Back in 2002, I wrote Mobilize Yourself!: The Microsoft Guide to Mobile Technology. I thought that the explosion of smart phones was right on the cusp. The devices were getting smaller. The batteries were lasting longer. The storage was growing exponentially. However, I missed it. It would be another five to six years before Apple would introduce the iPhone, and in doing so would galvanize a market into action. While all the conditions were right in 2002 for the mobile market to explode, the spark didn’t come until the iPhone. I would have bet on the Microsoft Pocket PC set of devices (as the title and publisher hint at). However, while this was the probable outcome, it wasn’t the actual outcome.

Outside Our Control

It’s uncomfortable. Our egos want to believe that we are in control. (See Change or Die for more on the ego and its defenses.) We want to believe that our rational rider holds the reigns of the only elephant that matters. If we just buckle down and do the work, if we create the right strategy and implement it, then the world be damned, we’ll be successful. However, the more I read (like The Black Swan), the more convinced I become that there’s more than a small amount of business success that comes from external factors. I agree with Pasteur that “luck favors the prepared,” while simultaneously believing that chance – or luck – is far more important a factor in business than anyone wants to admit.

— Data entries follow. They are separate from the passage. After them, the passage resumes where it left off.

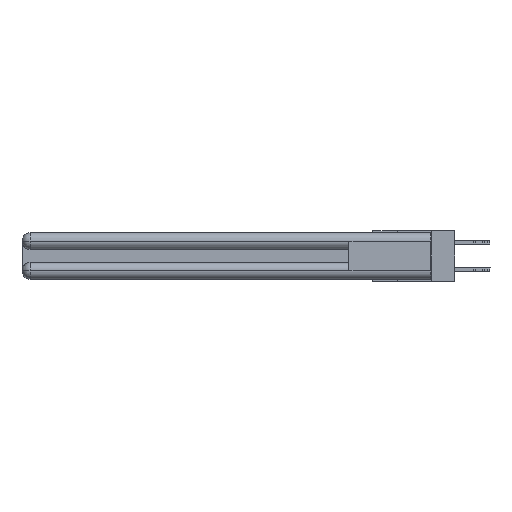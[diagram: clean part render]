
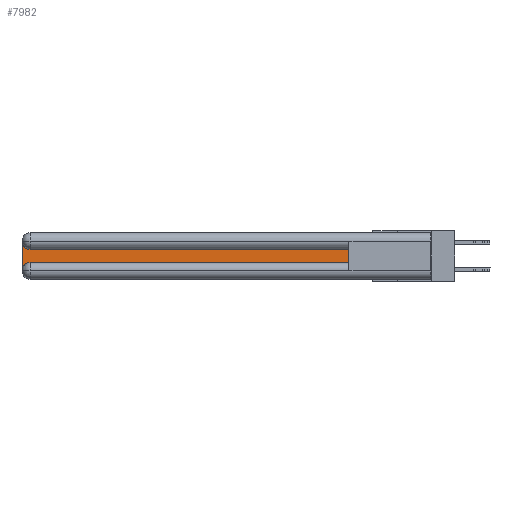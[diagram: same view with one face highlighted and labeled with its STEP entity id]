
A CAD part, left-side view. The second image highlights one B-rep face of the part: STEP entity #7982.
In plain terms, the highlighted planar face has unit normal (-1, 0, 0).
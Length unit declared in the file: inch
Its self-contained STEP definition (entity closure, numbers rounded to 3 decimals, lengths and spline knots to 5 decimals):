
#108 = CARTESIAN_POINT ( 'NONE',  ( 0.075, 0.6, -0.2175 ) ) ;
#1222 = DIRECTION ( 'NONE',  ( 0., 0., -1. ) ) ;
#1649 = VERTEX_POINT ( 'NONE', #2797 ) ;
#2741 = EDGE_CURVE ( 'NONE', #1649, #24117, #19601, .T. ) ;
#2797 = CARTESIAN_POINT ( 'NONE',  ( 0.075, 2.94, -0.2175 ) ) ;
#3052 = CARTESIAN_POINT ( 'NONE',  ( 0.075, 3., -0.0625 ) ) ;
#3401 = ORIENTED_EDGE ( 'NONE', *, *, #6278, .T. ) ;
#3799 = VECTOR ( 'NONE', #26331, 39.37008 ) ;
#4906 = CARTESIAN_POINT ( 'NONE',  ( 0.075, 0.6, -0.2175 ) ) ;
#5304 = CARTESIAN_POINT ( 'NONE',  ( 0.075, 3., -0.1225 ) ) ;
#5558 = VERTEX_POINT ( 'NONE', #3052 ) ;
#5948 = CIRCLE ( 'NONE', #7291, 0.06 ) ;
#5956 = CARTESIAN_POINT ( 'NONE',  ( 0.075, 3., -0.2775 ) ) ;
#6278 = EDGE_CURVE ( 'NONE', #24117, #14229, #21028, .T. ) ;
#7291 = AXIS2_PLACEMENT_3D ( 'NONE', #29061, #28668, #1222 ) ;
#7982 = ADVANCED_FACE ( 'NONE', ( #15506 ), #19216, .F. ) ;
#9378 = VECTOR ( 'NONE', #21979, 39.37008 ) ;
#9659 = DIRECTION ( 'NONE',  ( 0., -1., 0. ) ) ;
#10145 = DIRECTION ( 'NONE',  ( 1., 0., 0. ) ) ;
#10901 = CIRCLE ( 'NONE', #16463, 0.06 ) ;
#12076 = DIRECTION ( 'NONE',  ( 1., 0., 0. ) ) ;
#12079 = AXIS2_PLACEMENT_3D ( 'NONE', #5304, #10145, #26275 ) ;
#12784 = CARTESIAN_POINT ( 'NONE',  ( 0.075, 2.94, -0.1225 ) ) ;
#13033 = ORIENTED_EDGE ( 'NONE', *, *, #2741, .T. ) ;
#13091 = ORIENTED_EDGE ( 'NONE', *, *, #15898, .T. ) ;
#13252 = LINE ( 'NONE', #26232, #3799 ) ;
#14229 = VERTEX_POINT ( 'NONE', #18490 ) ;
#14894 = EDGE_CURVE ( 'NONE', #29961, #5558, #10901, .T. ) ;
#15506 = FACE_OUTER_BOUND ( 'NONE', #22677, .T. ) ;
#15575 = ORIENTED_EDGE ( 'NONE', *, *, #14894, .T. ) ;
#15898 = EDGE_CURVE ( 'NONE', #14229, #29961, #17801, .T. ) ;
#16073 = VERTEX_POINT ( 'NONE', #5956 ) ;
#16463 = AXIS2_PLACEMENT_3D ( 'NONE', #16630, #12076, #23436 ) ;
#16629 = DIRECTION ( 'NONE',  ( 0., 1., 0. ) ) ;
#16630 = CARTESIAN_POINT ( 'NONE',  ( 0.075, 2.94, -0.0625 ) ) ;
#16737 = VECTOR ( 'NONE', #16629, 39.37008 ) ;
#17215 = ORIENTED_EDGE ( 'NONE', *, *, #26601, .T. ) ;
#17624 = EDGE_CURVE ( 'NONE', #5558, #16073, #13252, .T. ) ;
#17801 = LINE ( 'NONE', #28477, #16737 ) ;
#18490 = CARTESIAN_POINT ( 'NONE',  ( 0.075, 0.6, -0.1225 ) ) ;
#19216 = PLANE ( 'NONE',  #12079 ) ;
#19601 = LINE ( 'NONE', #4906, #29374 ) ;
#21028 = LINE ( 'NONE', #28851, #9378 ) ;
#21979 = DIRECTION ( 'NONE',  ( 0., 0., 1. ) ) ;
#22677 = EDGE_LOOP ( 'NONE', ( #13091, #15575, #24873, #17215, #13033, #3401 ) ) ;
#23436 = DIRECTION ( 'NONE',  ( 0., 0., -1. ) ) ;
#24117 = VERTEX_POINT ( 'NONE', #108 ) ;
#24873 = ORIENTED_EDGE ( 'NONE', *, *, #17624, .T. ) ;
#26232 = CARTESIAN_POINT ( 'NONE',  ( 0.075, 3., -0.2175 ) ) ;
#26275 = DIRECTION ( 'NONE',  ( 0., 0., -1. ) ) ;
#26331 = DIRECTION ( 'NONE',  ( 0., 0., -1. ) ) ;
#26601 = EDGE_CURVE ( 'NONE', #16073, #1649, #5948, .T. ) ;
#28477 = CARTESIAN_POINT ( 'NONE',  ( 0.075, 0.6, -0.1225 ) ) ;
#28668 = DIRECTION ( 'NONE',  ( 1., 0., 0. ) ) ;
#28851 = CARTESIAN_POINT ( 'NONE',  ( 0.075, 0.6, -0.2175 ) ) ;
#29061 = CARTESIAN_POINT ( 'NONE',  ( 0.075, 2.94, -0.2775 ) ) ;
#29374 = VECTOR ( 'NONE', #9659, 39.37008 ) ;
#29961 = VERTEX_POINT ( 'NONE', #12784 ) ;

One can attribute the great strategies of Google and Facebook or Cisco and HP to great foresight on the part of the founders. However, when you look deeply into the stories, you find that they were exceedingly lucky in finding the right spot at the right time with the right resources. They didn’t have sophisticated methodology to find the right answers. They just happened upon them.

It’s great to have a recipe that we can follow to get the same results every time. However, the reality of business (and life) is that the circumstances and raw materials change every time. There is so much complexity that there’s no one recipe that will always work. Creating a business that works is a wicked problem. (See Dialogue Mapping for more on wicked problems.) There’s no one path. There’s no set of steps that you can follow.

If you’re willing to be uncomfortable and if you’re willing to put aside certainty, then you may be ready to read The Halo Effect.